### WHAT YOU SHOULD DO
In the material below, find the line that contains "#60=CARTESIAN_POINT('',(5.87346205355848,0.,-29.5275000000013));" and the line that contains "#75=CARTESIAN_POINT('',(0.,0.,-30.1625000000013));", then write out exactly those two lines and everything between them.

--- RECORD SET Enclosed Below ---

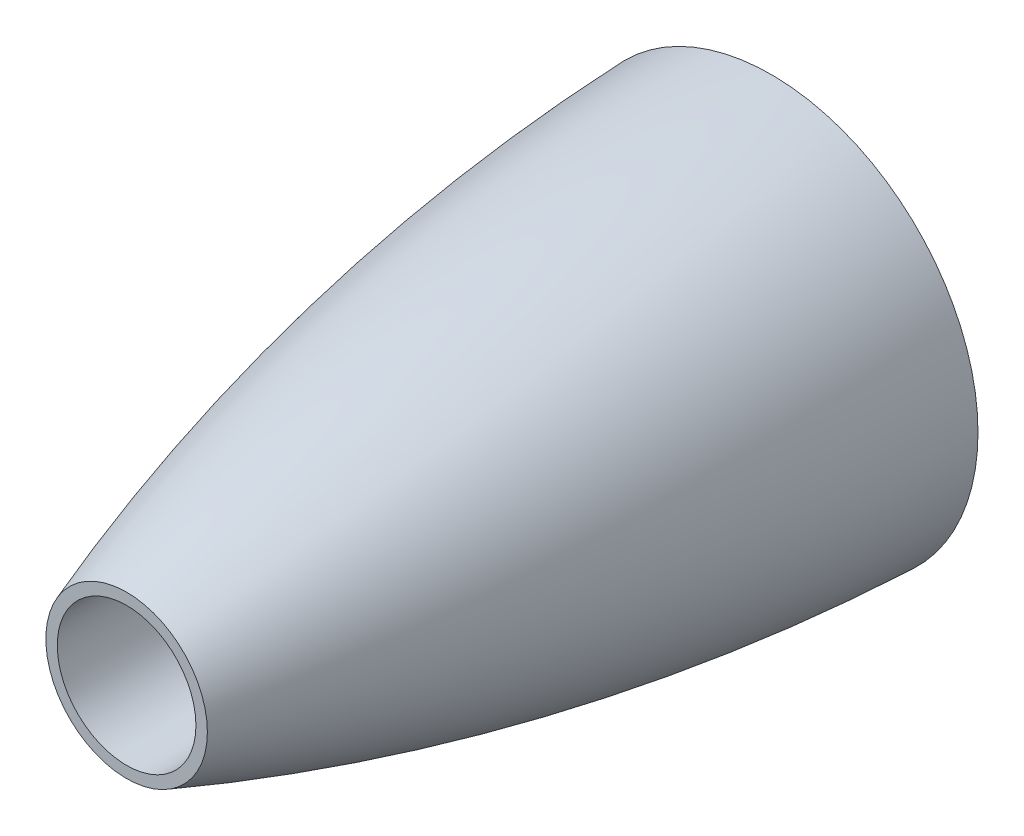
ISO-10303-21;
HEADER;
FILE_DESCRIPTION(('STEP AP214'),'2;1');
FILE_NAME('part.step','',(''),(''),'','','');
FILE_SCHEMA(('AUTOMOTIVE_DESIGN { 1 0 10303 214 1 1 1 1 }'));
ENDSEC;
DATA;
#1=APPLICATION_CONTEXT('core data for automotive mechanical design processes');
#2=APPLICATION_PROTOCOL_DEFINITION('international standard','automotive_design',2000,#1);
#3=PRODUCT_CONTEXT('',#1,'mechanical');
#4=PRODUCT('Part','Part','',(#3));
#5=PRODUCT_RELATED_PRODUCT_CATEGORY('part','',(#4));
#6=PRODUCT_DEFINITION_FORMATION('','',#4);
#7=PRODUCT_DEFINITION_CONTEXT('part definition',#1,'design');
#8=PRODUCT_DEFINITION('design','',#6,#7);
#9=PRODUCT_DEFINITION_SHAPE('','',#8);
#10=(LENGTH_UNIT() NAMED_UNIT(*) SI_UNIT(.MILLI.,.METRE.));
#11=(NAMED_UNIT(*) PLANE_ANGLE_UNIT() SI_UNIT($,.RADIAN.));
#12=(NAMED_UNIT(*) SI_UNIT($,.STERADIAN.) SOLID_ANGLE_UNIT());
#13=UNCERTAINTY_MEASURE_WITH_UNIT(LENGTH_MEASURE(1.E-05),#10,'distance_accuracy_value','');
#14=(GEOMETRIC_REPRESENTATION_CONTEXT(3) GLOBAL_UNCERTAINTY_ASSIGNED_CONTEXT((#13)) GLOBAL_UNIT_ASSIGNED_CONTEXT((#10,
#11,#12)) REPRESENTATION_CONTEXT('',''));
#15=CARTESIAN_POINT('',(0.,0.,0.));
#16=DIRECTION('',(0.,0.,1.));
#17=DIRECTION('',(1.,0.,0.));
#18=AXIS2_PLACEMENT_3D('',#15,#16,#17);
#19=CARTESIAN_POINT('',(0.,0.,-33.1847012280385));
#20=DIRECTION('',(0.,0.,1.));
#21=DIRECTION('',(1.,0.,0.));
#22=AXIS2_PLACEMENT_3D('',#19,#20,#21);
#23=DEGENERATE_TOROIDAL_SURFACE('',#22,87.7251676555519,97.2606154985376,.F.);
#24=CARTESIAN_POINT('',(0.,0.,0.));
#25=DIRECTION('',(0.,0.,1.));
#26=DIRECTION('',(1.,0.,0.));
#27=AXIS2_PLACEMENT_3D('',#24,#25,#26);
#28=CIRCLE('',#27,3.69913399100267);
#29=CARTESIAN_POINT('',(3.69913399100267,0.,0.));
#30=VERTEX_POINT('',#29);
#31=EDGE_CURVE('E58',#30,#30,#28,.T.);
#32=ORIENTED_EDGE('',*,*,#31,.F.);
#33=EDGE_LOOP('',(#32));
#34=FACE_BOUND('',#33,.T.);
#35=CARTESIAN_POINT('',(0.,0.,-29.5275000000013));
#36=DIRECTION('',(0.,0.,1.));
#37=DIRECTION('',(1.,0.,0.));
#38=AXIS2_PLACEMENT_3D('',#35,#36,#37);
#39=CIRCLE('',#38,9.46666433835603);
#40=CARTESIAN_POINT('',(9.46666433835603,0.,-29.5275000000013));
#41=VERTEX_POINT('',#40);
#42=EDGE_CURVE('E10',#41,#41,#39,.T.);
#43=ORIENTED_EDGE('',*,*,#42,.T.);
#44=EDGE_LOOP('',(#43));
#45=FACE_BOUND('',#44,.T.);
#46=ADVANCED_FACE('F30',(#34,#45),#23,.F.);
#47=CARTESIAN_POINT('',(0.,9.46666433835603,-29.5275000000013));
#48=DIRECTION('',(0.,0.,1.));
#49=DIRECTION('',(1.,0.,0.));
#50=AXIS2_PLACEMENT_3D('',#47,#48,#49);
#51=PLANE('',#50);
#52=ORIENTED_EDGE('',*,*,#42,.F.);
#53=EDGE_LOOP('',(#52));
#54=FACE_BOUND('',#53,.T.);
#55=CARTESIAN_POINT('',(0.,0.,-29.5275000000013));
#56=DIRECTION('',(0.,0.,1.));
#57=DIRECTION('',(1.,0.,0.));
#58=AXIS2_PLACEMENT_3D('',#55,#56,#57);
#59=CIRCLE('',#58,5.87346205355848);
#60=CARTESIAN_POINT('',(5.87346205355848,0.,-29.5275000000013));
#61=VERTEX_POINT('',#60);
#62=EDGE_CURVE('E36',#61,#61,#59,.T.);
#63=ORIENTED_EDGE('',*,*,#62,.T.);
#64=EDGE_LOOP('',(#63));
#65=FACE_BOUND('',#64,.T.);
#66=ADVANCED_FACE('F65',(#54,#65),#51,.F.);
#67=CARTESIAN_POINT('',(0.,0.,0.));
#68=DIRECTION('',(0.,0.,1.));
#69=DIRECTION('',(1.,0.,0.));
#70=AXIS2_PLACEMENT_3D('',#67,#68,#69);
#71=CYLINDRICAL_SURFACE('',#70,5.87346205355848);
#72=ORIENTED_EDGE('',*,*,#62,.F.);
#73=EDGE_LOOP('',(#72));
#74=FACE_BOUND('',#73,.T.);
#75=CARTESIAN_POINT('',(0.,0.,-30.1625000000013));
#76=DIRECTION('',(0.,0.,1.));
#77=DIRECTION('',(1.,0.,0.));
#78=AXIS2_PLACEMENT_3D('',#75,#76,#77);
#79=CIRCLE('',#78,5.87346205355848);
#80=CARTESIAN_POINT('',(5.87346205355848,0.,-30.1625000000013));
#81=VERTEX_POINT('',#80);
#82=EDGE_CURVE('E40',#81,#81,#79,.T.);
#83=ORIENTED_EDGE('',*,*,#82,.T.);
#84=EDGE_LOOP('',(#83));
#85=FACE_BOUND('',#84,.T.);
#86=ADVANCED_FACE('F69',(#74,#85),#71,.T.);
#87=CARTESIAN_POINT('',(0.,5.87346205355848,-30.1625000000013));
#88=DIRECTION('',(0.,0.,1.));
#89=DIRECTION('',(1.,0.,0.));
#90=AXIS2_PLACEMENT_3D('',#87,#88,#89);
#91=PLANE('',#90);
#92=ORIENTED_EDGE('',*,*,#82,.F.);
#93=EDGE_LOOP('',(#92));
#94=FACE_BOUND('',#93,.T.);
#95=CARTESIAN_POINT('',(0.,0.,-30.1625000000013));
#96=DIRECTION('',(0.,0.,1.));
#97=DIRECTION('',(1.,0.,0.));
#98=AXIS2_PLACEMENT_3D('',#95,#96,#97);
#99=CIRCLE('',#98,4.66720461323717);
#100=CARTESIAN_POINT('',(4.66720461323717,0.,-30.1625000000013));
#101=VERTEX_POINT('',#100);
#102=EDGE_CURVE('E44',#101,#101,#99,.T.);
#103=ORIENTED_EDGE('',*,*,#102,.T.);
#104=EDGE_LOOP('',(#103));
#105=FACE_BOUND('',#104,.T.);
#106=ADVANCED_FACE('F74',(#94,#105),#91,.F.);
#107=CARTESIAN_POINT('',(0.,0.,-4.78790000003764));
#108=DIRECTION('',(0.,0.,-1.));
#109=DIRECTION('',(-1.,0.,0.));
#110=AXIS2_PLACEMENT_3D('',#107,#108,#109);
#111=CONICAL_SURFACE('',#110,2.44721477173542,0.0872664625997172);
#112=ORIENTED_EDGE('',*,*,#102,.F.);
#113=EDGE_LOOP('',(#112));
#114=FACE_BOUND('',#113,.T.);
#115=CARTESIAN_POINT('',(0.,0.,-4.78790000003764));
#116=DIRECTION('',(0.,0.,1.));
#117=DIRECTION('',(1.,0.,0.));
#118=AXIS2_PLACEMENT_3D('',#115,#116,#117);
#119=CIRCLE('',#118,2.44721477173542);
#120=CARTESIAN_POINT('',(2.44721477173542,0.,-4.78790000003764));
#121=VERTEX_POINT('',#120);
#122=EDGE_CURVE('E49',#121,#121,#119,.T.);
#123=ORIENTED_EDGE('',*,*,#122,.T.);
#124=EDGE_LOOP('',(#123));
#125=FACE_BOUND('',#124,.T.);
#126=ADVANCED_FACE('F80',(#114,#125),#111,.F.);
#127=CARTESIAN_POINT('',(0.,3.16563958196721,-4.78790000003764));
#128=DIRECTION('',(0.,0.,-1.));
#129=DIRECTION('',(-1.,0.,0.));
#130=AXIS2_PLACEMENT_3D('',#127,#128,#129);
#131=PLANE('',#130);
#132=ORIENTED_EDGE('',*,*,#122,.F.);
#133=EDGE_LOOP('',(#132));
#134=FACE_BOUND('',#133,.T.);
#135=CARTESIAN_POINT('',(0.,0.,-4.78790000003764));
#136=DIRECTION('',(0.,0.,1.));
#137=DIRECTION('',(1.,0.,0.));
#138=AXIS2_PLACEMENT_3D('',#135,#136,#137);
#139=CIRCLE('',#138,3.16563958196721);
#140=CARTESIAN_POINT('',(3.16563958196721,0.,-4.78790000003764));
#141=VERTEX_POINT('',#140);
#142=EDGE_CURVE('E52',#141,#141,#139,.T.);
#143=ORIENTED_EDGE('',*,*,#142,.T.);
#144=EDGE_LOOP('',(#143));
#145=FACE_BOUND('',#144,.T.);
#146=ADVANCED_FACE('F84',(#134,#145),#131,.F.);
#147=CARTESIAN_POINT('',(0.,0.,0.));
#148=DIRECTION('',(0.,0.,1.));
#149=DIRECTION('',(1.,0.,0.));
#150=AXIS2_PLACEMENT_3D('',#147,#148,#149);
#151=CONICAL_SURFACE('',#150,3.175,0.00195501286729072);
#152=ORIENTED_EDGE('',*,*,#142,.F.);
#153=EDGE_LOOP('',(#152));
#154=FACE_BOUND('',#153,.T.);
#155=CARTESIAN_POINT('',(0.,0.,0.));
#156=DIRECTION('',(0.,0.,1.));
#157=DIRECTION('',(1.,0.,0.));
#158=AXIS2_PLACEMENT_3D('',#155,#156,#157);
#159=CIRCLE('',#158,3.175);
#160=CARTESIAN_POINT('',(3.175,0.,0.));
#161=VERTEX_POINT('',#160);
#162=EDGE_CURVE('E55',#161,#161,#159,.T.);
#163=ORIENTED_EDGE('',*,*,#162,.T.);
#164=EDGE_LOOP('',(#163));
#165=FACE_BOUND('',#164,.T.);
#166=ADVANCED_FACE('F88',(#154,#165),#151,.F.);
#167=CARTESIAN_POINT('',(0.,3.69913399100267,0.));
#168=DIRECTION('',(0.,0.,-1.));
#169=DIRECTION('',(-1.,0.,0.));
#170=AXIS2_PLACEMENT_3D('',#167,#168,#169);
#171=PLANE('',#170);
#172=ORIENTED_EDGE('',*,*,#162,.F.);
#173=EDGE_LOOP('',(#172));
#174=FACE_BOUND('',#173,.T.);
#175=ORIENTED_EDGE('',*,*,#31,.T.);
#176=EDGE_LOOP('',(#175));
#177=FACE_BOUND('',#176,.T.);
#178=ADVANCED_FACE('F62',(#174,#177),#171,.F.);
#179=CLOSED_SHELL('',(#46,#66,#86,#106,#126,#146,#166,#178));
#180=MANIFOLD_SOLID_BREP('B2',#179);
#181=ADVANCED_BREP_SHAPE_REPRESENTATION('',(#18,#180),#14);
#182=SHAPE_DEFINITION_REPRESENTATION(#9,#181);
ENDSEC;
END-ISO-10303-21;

--- End of Enclosed RECORD SET ---

### WRITTEN SOLUTION
#60=CARTESIAN_POINT('',(5.87346205355848,0.,-29.5275000000013));
#61=VERTEX_POINT('',#60);
#62=EDGE_CURVE('E36',#61,#61,#59,.T.);
#63=ORIENTED_EDGE('',*,*,#62,.T.);
#64=EDGE_LOOP('',(#63));
#65=FACE_BOUND('',#64,.T.);
#66=ADVANCED_FACE('F65',(#54,#65),#51,.F.);
#67=CARTESIAN_POINT('',(0.,0.,0.));
#68=DIRECTION('',(0.,0.,1.));
#69=DIRECTION('',(1.,0.,0.));
#70=AXIS2_PLACEMENT_3D('',#67,#68,#69);
#71=CYLINDRICAL_SURFACE('',#70,5.87346205355848);
#72=ORIENTED_EDGE('',*,*,#62,.F.);
#73=EDGE_LOOP('',(#72));
#74=FACE_BOUND('',#73,.T.);
#75=CARTESIAN_POINT('',(0.,0.,-30.1625000000013));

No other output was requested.